In fact as a complex work of art the novel suggests a number of themes and ideas. And different critics have interpreted them in different ways. Blackstone suggests that its dominant themes are firstly love, married life and family and secondly self-shedding and self-dramatisation. Norman Friedman feels that the novel studies the ‘subject and object and nature of reality’.

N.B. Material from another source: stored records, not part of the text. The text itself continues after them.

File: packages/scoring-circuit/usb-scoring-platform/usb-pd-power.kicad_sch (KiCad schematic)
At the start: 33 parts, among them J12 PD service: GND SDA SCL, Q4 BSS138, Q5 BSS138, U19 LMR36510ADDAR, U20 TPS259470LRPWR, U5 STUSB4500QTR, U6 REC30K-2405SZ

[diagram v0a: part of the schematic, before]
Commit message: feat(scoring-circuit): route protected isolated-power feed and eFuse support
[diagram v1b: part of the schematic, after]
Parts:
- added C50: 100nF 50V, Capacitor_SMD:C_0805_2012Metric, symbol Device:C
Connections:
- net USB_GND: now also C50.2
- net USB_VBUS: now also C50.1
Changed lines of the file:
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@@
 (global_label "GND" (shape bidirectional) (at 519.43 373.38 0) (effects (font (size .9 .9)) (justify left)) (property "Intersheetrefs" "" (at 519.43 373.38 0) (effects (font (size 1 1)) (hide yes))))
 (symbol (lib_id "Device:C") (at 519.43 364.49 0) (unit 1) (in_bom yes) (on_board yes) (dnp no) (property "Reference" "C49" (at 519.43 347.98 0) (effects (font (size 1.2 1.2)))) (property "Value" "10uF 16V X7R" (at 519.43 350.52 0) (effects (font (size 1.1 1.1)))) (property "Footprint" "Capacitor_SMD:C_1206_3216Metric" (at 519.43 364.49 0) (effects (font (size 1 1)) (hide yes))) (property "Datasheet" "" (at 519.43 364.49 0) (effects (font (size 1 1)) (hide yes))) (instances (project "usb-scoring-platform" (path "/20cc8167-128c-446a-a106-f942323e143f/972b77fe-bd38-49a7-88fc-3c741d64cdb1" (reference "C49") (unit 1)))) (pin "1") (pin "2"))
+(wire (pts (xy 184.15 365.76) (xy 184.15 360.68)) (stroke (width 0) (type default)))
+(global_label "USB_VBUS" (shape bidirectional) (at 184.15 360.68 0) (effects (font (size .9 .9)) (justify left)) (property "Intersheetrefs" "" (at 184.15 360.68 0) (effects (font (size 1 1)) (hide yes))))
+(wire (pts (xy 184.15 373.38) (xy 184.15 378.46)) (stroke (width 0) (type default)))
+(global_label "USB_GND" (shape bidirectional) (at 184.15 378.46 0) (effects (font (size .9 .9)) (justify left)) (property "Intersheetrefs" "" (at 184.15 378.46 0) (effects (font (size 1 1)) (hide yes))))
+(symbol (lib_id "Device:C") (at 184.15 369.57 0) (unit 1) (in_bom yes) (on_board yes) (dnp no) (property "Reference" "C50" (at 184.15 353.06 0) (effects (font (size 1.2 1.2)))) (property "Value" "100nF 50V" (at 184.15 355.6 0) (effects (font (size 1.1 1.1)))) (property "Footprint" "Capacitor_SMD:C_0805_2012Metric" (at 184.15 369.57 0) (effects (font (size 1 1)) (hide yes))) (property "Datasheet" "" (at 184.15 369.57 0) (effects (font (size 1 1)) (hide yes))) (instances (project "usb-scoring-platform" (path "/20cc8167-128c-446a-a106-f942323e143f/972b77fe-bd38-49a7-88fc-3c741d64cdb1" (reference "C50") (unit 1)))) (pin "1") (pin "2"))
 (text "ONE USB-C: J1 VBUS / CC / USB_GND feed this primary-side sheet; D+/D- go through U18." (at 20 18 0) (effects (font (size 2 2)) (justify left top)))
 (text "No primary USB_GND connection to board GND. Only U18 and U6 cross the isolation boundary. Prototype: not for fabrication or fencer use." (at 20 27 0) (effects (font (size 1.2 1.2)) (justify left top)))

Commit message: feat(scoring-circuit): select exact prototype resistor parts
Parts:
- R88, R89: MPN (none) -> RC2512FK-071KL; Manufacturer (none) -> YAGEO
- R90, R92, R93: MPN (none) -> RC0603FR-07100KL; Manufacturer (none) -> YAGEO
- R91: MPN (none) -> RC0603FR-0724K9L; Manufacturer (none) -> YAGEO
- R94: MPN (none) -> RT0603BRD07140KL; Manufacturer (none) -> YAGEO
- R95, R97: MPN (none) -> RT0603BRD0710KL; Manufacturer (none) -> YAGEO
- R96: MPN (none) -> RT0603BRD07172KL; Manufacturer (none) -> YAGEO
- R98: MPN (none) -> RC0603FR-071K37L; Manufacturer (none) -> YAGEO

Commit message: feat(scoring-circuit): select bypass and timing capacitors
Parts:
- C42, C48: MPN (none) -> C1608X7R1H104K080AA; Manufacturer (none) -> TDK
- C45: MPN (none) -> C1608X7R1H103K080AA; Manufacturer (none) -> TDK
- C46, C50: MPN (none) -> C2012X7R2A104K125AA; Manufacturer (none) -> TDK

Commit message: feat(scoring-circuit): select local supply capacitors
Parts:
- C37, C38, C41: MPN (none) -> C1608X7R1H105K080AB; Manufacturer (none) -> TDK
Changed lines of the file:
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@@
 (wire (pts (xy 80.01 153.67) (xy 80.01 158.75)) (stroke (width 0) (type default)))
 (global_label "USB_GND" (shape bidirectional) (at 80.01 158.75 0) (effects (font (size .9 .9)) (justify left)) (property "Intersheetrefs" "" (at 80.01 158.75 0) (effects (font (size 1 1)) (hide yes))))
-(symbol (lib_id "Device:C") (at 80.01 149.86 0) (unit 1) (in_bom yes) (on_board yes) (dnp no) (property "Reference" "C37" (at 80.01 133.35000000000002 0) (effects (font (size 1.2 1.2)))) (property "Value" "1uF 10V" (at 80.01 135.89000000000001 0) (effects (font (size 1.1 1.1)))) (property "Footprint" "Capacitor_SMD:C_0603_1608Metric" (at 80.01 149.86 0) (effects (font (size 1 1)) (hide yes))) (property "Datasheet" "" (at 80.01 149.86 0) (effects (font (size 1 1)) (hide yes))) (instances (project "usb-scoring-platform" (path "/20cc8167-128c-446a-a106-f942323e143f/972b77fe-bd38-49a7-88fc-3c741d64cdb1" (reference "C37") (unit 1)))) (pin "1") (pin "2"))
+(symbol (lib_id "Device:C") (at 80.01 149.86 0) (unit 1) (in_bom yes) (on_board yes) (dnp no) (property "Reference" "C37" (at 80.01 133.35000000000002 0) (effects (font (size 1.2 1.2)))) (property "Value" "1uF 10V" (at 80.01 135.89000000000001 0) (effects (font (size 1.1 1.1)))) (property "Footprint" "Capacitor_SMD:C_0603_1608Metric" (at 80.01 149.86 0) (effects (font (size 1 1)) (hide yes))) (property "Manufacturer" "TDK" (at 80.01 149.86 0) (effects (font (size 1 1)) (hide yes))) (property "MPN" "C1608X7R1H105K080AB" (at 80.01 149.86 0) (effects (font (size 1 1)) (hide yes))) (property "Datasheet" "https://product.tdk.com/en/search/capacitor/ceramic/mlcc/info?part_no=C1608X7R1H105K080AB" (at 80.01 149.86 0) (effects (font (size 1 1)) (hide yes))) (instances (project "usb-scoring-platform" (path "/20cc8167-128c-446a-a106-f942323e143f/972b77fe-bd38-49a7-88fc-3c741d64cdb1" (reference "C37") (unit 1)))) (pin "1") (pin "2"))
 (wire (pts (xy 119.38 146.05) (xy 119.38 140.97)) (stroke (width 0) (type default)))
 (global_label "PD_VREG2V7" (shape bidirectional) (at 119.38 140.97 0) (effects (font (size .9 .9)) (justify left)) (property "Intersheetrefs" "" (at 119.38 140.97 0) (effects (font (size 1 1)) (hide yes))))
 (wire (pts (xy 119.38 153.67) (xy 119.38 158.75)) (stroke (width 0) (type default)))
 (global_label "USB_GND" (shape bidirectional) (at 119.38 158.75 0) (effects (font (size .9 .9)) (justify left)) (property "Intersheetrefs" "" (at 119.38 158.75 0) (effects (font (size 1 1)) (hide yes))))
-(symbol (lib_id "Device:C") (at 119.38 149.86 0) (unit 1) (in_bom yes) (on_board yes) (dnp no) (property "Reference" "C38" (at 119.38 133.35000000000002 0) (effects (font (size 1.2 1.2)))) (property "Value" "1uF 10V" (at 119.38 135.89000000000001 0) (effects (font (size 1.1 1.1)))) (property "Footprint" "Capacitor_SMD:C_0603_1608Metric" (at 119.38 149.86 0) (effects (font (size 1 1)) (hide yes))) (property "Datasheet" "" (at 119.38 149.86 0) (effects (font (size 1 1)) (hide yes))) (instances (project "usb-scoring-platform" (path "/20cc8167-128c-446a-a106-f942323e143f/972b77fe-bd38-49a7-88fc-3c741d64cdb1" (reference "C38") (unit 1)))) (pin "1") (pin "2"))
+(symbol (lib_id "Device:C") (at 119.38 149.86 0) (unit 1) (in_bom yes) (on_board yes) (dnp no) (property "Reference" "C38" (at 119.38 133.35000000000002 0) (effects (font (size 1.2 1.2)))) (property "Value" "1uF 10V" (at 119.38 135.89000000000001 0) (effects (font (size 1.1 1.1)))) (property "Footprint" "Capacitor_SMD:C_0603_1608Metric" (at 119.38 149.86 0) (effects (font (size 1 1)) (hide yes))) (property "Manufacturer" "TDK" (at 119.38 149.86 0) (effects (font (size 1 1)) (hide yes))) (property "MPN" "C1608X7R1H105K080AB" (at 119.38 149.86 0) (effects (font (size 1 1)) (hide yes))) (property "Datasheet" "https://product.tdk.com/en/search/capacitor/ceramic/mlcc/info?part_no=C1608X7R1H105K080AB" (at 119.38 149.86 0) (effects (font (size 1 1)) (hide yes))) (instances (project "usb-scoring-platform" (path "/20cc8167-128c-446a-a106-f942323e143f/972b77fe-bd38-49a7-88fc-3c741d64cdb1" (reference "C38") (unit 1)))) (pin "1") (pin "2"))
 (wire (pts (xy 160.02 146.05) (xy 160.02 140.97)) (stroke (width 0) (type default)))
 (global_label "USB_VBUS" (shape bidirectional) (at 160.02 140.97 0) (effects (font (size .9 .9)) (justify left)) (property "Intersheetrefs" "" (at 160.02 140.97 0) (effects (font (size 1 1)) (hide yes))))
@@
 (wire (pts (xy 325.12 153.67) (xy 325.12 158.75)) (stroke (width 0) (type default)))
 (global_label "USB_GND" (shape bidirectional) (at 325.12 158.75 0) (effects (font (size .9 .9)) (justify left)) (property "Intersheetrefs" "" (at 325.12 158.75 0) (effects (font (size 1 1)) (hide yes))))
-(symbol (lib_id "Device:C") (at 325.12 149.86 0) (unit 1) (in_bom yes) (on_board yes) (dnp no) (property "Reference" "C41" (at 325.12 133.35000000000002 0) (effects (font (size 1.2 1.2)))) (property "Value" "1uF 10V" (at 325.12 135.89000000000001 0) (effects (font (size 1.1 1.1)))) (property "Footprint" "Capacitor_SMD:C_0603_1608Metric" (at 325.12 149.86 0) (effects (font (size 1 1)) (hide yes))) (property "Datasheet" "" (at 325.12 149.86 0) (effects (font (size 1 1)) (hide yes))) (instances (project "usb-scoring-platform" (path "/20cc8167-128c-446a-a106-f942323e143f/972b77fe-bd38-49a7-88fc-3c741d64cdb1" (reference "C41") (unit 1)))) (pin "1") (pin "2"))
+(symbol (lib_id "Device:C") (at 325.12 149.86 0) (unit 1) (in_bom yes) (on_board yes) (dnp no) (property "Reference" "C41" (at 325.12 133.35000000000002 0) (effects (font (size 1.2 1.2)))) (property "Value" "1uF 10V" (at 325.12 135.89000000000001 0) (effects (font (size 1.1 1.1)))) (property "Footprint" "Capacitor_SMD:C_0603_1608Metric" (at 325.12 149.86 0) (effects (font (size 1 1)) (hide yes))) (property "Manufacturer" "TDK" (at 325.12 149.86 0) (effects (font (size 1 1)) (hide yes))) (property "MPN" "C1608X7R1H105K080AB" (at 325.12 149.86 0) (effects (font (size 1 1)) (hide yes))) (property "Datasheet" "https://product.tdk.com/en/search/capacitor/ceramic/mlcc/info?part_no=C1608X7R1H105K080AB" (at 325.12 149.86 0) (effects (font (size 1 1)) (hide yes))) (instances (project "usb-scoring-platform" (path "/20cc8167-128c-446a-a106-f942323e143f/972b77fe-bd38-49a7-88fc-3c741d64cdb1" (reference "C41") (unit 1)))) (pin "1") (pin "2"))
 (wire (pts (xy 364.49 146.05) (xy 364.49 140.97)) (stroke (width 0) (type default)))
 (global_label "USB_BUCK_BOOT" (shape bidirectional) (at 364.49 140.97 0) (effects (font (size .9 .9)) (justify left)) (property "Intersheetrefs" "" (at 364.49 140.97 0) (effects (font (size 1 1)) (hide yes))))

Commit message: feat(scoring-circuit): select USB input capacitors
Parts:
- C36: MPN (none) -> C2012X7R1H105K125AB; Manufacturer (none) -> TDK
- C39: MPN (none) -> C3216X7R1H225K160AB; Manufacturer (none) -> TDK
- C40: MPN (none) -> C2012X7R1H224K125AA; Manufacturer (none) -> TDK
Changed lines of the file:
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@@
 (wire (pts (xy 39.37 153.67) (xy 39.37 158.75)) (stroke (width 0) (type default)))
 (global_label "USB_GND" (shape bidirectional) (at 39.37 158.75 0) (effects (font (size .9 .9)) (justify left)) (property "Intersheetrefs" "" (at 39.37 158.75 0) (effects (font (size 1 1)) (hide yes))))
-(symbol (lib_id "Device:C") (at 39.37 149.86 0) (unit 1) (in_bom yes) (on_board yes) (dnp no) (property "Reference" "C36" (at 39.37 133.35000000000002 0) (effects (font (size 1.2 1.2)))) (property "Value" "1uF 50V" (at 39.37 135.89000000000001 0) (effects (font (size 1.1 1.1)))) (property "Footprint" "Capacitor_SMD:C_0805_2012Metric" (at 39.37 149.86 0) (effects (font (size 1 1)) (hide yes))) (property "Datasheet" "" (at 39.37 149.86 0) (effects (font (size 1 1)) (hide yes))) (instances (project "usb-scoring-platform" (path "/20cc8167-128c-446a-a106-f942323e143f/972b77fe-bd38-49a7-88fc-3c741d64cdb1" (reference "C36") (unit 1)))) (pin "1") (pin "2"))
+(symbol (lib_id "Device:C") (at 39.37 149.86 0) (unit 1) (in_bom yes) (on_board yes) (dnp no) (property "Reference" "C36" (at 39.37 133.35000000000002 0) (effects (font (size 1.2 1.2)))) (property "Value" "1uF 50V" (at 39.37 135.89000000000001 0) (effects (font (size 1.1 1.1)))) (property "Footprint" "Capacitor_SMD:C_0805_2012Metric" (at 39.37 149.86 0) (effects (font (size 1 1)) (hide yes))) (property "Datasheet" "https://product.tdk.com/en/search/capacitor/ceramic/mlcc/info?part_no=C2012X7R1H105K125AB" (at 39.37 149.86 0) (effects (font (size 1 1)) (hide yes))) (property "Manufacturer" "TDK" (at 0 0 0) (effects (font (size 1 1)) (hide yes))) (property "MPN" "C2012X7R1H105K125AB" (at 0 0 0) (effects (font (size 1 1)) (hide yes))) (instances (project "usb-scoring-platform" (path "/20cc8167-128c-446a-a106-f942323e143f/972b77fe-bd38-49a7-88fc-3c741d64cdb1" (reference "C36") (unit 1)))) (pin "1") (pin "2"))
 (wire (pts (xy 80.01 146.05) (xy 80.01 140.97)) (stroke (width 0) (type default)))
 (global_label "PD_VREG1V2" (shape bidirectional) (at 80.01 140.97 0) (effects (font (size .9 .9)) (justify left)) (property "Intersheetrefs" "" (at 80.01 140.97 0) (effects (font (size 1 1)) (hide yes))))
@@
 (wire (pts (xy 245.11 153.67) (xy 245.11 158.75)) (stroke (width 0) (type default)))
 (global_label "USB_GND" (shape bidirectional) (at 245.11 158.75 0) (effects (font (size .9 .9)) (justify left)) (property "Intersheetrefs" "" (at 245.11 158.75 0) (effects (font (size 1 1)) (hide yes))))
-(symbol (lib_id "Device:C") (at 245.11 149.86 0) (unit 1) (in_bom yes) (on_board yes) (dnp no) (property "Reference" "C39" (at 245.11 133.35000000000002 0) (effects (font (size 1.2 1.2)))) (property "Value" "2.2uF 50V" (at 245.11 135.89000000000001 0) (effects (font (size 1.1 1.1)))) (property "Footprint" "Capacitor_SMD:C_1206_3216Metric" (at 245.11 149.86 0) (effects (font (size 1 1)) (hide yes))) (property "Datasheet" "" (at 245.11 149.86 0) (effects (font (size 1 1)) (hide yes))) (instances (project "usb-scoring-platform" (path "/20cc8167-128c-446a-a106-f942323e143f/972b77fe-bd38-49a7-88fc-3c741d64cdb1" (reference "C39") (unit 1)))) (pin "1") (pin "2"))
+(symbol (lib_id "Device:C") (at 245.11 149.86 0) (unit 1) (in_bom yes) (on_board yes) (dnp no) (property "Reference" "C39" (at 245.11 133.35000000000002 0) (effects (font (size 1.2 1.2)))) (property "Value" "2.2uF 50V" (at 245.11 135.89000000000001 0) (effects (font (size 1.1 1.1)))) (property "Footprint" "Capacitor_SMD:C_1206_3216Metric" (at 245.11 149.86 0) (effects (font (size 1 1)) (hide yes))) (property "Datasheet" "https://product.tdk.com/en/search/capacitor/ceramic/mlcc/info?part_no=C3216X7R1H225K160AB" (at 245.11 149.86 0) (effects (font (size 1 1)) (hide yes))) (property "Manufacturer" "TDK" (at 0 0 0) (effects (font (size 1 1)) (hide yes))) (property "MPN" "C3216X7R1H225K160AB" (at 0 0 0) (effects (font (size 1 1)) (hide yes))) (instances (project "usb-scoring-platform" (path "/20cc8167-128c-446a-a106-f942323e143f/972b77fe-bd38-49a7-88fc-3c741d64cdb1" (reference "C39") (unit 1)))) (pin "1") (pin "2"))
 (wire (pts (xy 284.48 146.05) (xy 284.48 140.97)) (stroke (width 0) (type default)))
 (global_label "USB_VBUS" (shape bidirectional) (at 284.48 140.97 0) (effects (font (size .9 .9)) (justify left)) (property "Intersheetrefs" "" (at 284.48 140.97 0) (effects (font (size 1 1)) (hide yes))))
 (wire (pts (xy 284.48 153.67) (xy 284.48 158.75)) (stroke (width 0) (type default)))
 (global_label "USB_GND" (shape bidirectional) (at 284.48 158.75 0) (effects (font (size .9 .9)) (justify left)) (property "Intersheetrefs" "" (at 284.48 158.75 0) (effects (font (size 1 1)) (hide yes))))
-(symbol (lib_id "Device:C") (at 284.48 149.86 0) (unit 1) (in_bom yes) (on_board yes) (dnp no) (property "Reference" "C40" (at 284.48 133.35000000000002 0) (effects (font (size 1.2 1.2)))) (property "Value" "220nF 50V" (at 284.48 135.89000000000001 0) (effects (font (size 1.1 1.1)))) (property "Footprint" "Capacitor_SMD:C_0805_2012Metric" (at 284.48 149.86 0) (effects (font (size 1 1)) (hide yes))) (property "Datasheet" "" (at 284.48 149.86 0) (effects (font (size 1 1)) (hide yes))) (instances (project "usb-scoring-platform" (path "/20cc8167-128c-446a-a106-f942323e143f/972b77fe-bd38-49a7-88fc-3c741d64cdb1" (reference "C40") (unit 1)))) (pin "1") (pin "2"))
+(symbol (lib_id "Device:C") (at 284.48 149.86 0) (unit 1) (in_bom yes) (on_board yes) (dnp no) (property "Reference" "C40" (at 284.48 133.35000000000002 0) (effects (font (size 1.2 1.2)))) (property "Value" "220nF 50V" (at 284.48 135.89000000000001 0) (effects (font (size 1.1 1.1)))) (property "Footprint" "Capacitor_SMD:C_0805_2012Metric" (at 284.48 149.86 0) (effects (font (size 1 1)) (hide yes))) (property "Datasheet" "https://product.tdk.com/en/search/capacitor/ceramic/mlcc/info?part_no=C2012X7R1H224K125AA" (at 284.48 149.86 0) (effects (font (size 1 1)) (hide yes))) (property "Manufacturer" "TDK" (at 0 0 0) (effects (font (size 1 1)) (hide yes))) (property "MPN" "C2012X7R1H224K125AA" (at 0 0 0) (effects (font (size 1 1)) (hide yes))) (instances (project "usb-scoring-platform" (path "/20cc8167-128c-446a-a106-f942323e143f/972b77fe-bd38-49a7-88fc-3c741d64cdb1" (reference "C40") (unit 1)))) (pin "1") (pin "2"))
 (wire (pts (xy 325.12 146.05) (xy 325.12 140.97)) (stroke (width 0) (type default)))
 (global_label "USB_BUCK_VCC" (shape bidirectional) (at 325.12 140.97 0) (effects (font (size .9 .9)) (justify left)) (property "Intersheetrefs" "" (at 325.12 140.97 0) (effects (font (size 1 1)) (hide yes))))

Virginia Woolf’s To The Lighthouse is a unique work of art and there is nothing second hand about this novel. And the style in which it is written permits the novelist to convey with wonderful precision a certain intimate quality of felt life. Let us conclude by quoting some very apt and elucidating lines of an eminent critic like David Daiches: ‘To The Lighthouse is a work in which plot, locale and treatment are so carefully bound up with each other that the resulting whole is more finely organised and more effective than anything else Virginia Woolf wrote. The setting in an indefinite island off the north-west coast of Scotland enables her to indulge in her characteristic symbolic rarefications with maximum effect, for here form and content fit perfectly and inevitably. Middle class London is not, perhaps, the best scene for a tenuous meditative work of this kind, and Mrs. Dalloway might be said to suffer from a certain incompatibility between the content and the method of treatment. A misty island is more effective than a London dinner party as the setting for a novel of indirect philosophic suggestion, and as a result qualities of Virginia Woolf’s writing, which in her other works tend to appear, if not as faults at least as of doubtful appropriateness, are seen in this work to their fullest advantage. In To The Lighthouse Virginia Woolf found a subject that enabled her to do full justice to her technique.”